How should you speak to your dog?
Communicating well with your dog so that they understand you is very important, here is our advice to help you get along with your adult dog.
Updated on the 19/12/2019, 15:26
As a dog owner, the key to good verbal communication and successful training is to remain calm and be consistent. Everytime your furry friend does something good, praise him, tell him “Good boy!”, and use a happy tone of voice with high pitched notes. Also, using the right body language when speaking to your dog is crucial. If you pay attention to your dog, you’ll notice that these clever chaps understand a lot through body language and communication. So talk to your dog, he probably won’t answer you with words, but he will definitely understand what you a telling him.
Words should be short (reminder that even your dog’s name should be 2 or 3 syllables at the most). Orders should be short and use a dog directed speech. For example, say “come”, avoid saying “You need to come, we are going back inside”. Owners often feel as though they are being sharp by giving short commands, but single word orders can still be said kindly with the right tone of voice. An order that is too long, will not be understood.

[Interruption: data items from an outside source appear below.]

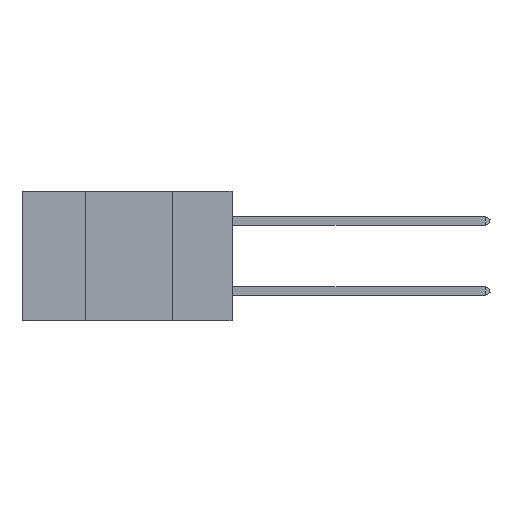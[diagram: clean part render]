
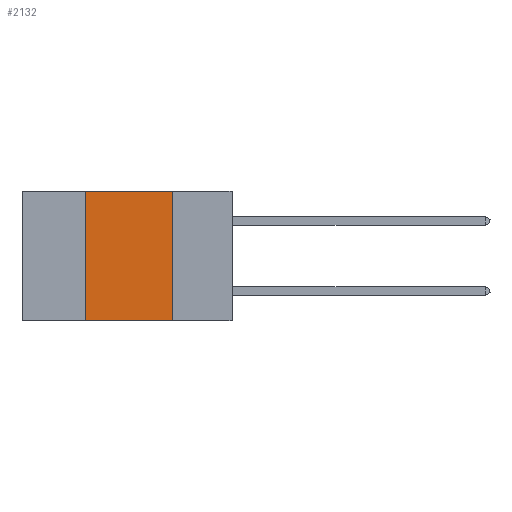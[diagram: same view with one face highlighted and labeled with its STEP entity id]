
A CAD part, left-side view. The second image highlights one B-rep face of the part: STEP entity #2132.
In plain terms, the highlighted planar face has unit normal (-1, 0, 0).
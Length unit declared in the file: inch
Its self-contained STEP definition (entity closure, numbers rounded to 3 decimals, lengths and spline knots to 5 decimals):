
#866 = ORIENTED_EDGE ( 'NONE', *, *, #37290, .F. ) ;
#2132 = ADVANCED_FACE ( 'NONE', ( #37045 ), #8188, .F. ) ;
#2906 = CARTESIAN_POINT ( 'NONE',  ( 0., 0.17, 0. ) ) ;
#8188 = PLANE ( 'NONE',  #28195 ) ;
#10845 = DIRECTION ( 'NONE',  ( 0., 0., 1. ) ) ;
#11420 = CARTESIAN_POINT ( 'NONE',  ( 0., 0.6, -0.37 ) ) ;
#11790 = DIRECTION ( 'NONE',  ( 1., 0., 0. ) ) ;
#12266 = CARTESIAN_POINT ( 'NONE',  ( 0., 0.17, 0. ) ) ;
#12420 = VERTEX_POINT ( 'NONE', #12266 ) ;
#12842 = VECTOR ( 'NONE', #34341, 39.37008 ) ;
#13208 = EDGE_LOOP ( 'NONE', ( #21205, #21591, #866, #25240 ) ) ;
#14163 = VERTEX_POINT ( 'NONE', #21871 ) ;
#17070 = EDGE_CURVE ( 'NONE', #12420, #29020, #18528, .T. ) ;
#18341 = CARTESIAN_POINT ( 'NONE',  ( 0., 0.42, 0. ) ) ;
#18528 = LINE ( 'NONE', #2906, #38834 ) ;
#18608 = DIRECTION ( 'NONE',  ( 0., -1., 0. ) ) ;
#20339 = DIRECTION ( 'NONE',  ( 0., 0., -1. ) ) ;
#20488 = CARTESIAN_POINT ( 'NONE',  ( 0., 0.6, 0. ) ) ;
#21205 = ORIENTED_EDGE ( 'NONE', *, *, #17070, .F. ) ;
#21591 = ORIENTED_EDGE ( 'NONE', *, *, #36042, .F. ) ;
#21871 = CARTESIAN_POINT ( 'NONE',  ( 0., 0.42, 0. ) ) ;
#22631 = DIRECTION ( 'NONE',  ( 0., 0., -1. ) ) ;
#25240 = ORIENTED_EDGE ( 'NONE', *, *, #34499, .T. ) ;
#26240 = CARTESIAN_POINT ( 'NONE',  ( 0., 0.17, -0.37 ) ) ;
#27585 = LINE ( 'NONE', #18341, #41144 ) ;
#28195 = AXIS2_PLACEMENT_3D ( 'NONE', #33305, #11790, #22631 ) ;
#29020 = VERTEX_POINT ( 'NONE', #26240 ) ;
#31385 = LINE ( 'NONE', #20488, #12842 ) ;
#33305 = CARTESIAN_POINT ( 'NONE',  ( 0., 0.6, 0. ) ) ;
#34266 = LINE ( 'NONE', #11420, #36539 ) ;
#34341 = DIRECTION ( 'NONE',  ( 0., -1., 0. ) ) ;
#34499 = EDGE_CURVE ( 'NONE', #39514, #29020, #34266, .T. ) ;
#36042 = EDGE_CURVE ( 'NONE', #14163, #12420, #31385, .T. ) ;
#36539 = VECTOR ( 'NONE', #18608, 39.37008 ) ;
#37045 = FACE_OUTER_BOUND ( 'NONE', #13208, .T. ) ;
#37290 = EDGE_CURVE ( 'NONE', #39514, #14163, #27585, .T. ) ;
#38834 = VECTOR ( 'NONE', #20339, 39.37008 ) ;
#39514 = VERTEX_POINT ( 'NONE', #44648 ) ;
#41144 = VECTOR ( 'NONE', #10845, 39.37008 ) ;
#44648 = CARTESIAN_POINT ( 'NONE',  ( 0., 0.42, -0.37 ) ) ;

Eye contact is super important as well, when the dog owner gives an order, therefore pay attention to your dog’s whereabouts, look at him in the eyes, use a high pitched tone of voice and fire that order.
For each command you should always use the same wording, so that it gives a better chance for your dog to understand what you are asking him to do. If you have chosen to say “sit”, don’t change it for “sit down”, as your dog will think you are giving them a different order. Dogs remember the tone more than to the word itself. Remember to always praise him (“Good boy!”) and give him a treat every time you are satisfied with your dog.
You could potentially speak to your dog in another language. However, the examples you use are limited as the tone for the command needs to sound similar. Each member of the family would have to use the same terms.